Między tenisistkami, które rozegrały swój pierwszy mecz w tegorocznym US Open w poniedziałek 29 sierpnia, jest aż 117 miejsc różnicy w światowym rankingu WTA. Simona Halep to doświadczona zawodniczka, a 20-letnia Ukrainka po raz pierwszy wystąpiła w turnieju głównym wielkiego szlema. Od razu osiągnęła jednak wynik, o którym zrobiło się głośno.
Konfrontacja miała nietypowy przebieg. W pierwszym secie Daria Snigur wygrała 6:2, ale w drugim Simona Halep zrewanżowała się przekonującym 6:0 i wydawała się być na dobrej drodze do odwrócenia wyniku. Tak się jednak nie stało. Na początku trzeciej partii Ukrainka zdobyła olbrzymią przewagę 5:1 i nawet przegrane w trzech kolejnych gemach nie miały przykrych konsekwencji. Ostatni set zakończył się wynikiem 6:4.
Po decydującej piłce Daria Snigur nie kryła emocji. Od razu po sprawieniu sensacji padła na kolana. Nie mogła uwierzyć, że to ona, a nie rozstawiona z numerem siódmym Simona Halep, pozostała w grze o zwycięstwo w US Open.
Czytaj także: Miłosne igraszki na trybunach? Policja bada sprawę
US Open. Łzy Ukrainki na korcie
Daria Snigur miała problem z pozbieraniem się i wyrażeniem słowami swoich myśli. Młoda tenisistka płakała, kiedy udzielała wywiadu na korcie.
Nie potrafię nic powiedzieć. Wygrana w tym meczu jest dla mnie czymś niemożliwym do uwierzenia i po prostu jestem bardzo szczęśliwa. Chcę podziękować Simonie za ten mecz, ponieważ to było niezwykłe doświadczenie, a także wszystkim, którzy mnie wspierali.
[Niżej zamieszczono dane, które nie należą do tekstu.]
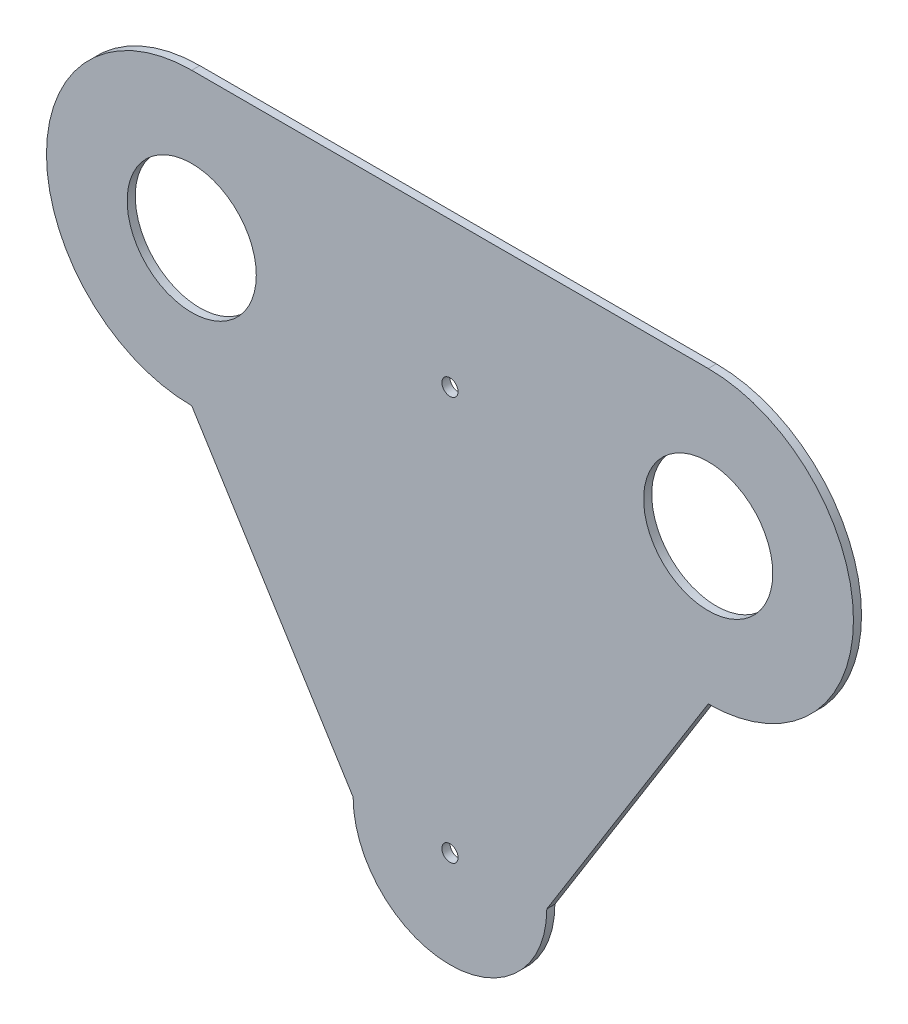
SolidWorks part; units mm, degrees
ref_plane "Front Plane" through (0, 0, 0) normal (0, 0, 1) x (1, 0, 0)
ref_plane "Top Plane" through (0, 0, 0) normal (0, 1, 0) x (1, 0, 0)
ref_plane "Right Plane" through (0, 0, 0) normal (1, 0, 0) x (0, 0, -1)
sketch "Sketch1" plane through (0, 0, 0) normal (0, 0, 1) x (1, 0, 0)
  line L0 (-80, 0) -> (80, 0)
  line L1 (0, 0) -> (0, -125)
  line L2 (-80, 45) -> (80, 45)
  line L3 (-80, -45) -> (-30, -125)
  line L4 (30, -125) -> (80, -45)
  line L5 (-30, -125) -> (30, -125)
  line L6 (-80, -45) -> (80, -45)
  circle A0 centre (-80, 0) radius 20
  circle A1 centre (80, 0) radius 20
  circle A2 centre (0, 0) radius 2.5
  circle A3 centre (0, -125) radius 2.5
  arc A5 (-80, -45) -> (-80, 45) centre (-80, 0) cw
  arc A6 (80, -45) -> (80, 45) centre (80, 0) ccw
  arc A8 (-30, -125) -> (30, -125) centre (0, -125) ccw
  point P4 (0, 0)
  dimension "D1" = 40
  dimension "D2" = 40
  dimension "D4" = 5
  dimension "D6" = 5
  dimension "D7" = 45
  dimension "D8" = 30
  dimension "D5" = 125
  dimension "D3" = 160
extrude "Boss-Extrude1" add sketch "Sketch1" along normal blind 2.5
equation "\"cf_tube_outer_diameter\" = 25mm"
equation "\"cf_tube_inner_diameter\" = 21mm"
equation "\"mid_plate_mid_to_top\" = 100mm"
equation "\"mid_plate_mid_to_bottom\" = 125mm"
equation "\"mid_plate_horizontal_spacing\" = 250mm"
equation "\"mid_tube_length\" = 500mm"
equation "\"D5@Sketch1\"=\"mid_plate_mid_to_bottom\""
equation "\"motor_cutaway_diameter\" = 60mm"
equation "\"mid_plate_motor_cutaway_horizontal_spacing\" = 160mm"
equation "\"D3@Sketch1\"=\"mid_plate_motor_cutaway_horizontal_spacing\""
equation "\"motor_support_diameter\" = 40mm"
equation "\"D1@Sketch1\"=\"motor_support_diameter\""
equation "\"D2@Sketch1\"=\"motor_support_diameter\""
equation "\"D4@Sketch1\"=5mm"
equation "\"D6@Sketch1\"=5mm"
equation "\"D7@Sketch1\"=\"motor_support_diameter\"+5mm"
equation "\"D8@Sketch1\"=\"cf_tube_outer_diameter\"+5mm"
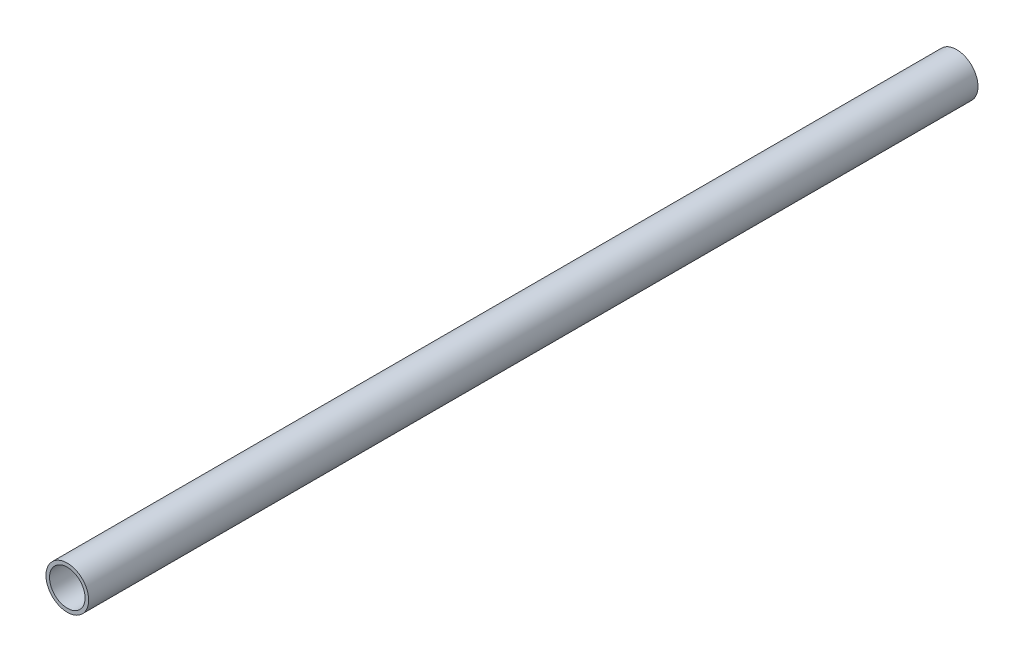
SolidWorks part; units mm, degrees
ref_plane "Front Plane" through (0, 0, 0) normal (0, 0, 1) x (1, 0, 0)
ref_plane "Top Plane" through (0, 0, 0) normal (0, 1, 0) x (1, 0, 0)
ref_plane "Right Plane" through (0, 0, 0) normal (1, 0, 0) x (0, 0, -1)
sketch "Sketch1" plane through (0, 0, 0) normal (0, 0, 1) x (1, 0, 0)
  circle A0 centre (0, 0) radius 6
  circle A1 centre (0, 0) radius 5
  dimension "D2" = 12
  dimension "D1" = 1
extrude "Boss-Extrude1" add sketch "Sketch1" along normal blind 250
sketch "Sketch2" plane through (0, 0, 0) normal (0, 1, 0) x (1, 0, 0)
  line L0 (-6, -125) -> (6, -125) construction
  line L1 (-6, 0) -> (-6, -250) construction
  line L2 (6, -250) -> (6, 0) construction
ref_plane "Plane1" through (0, 0, 125) normal (0, 0, 1) x (1, 0, 0)

Nie myślałam, że uda mi się pokonać Simonę - mówiła Daria Snigur w pomeczowej rozmowie.
Daria Snigur wspomniała również swój występ w charytatywnym meczu pokazowym dla Ukrainy, do którego doszło przed US Open. - Pomogło mi to, poznałam korty US Open. I tak byłam jednak bardzo podekscytowana. Chciałam dać z siebie wszystko - dodała Ukrainka, która dostała się do turnieju głównego przez kwalifikacje.
W US Open pozostają dwie reprezentantki Polski. We wtorek o wejście do drugiej rundy powalczą Iga Świątek i Magda Linette.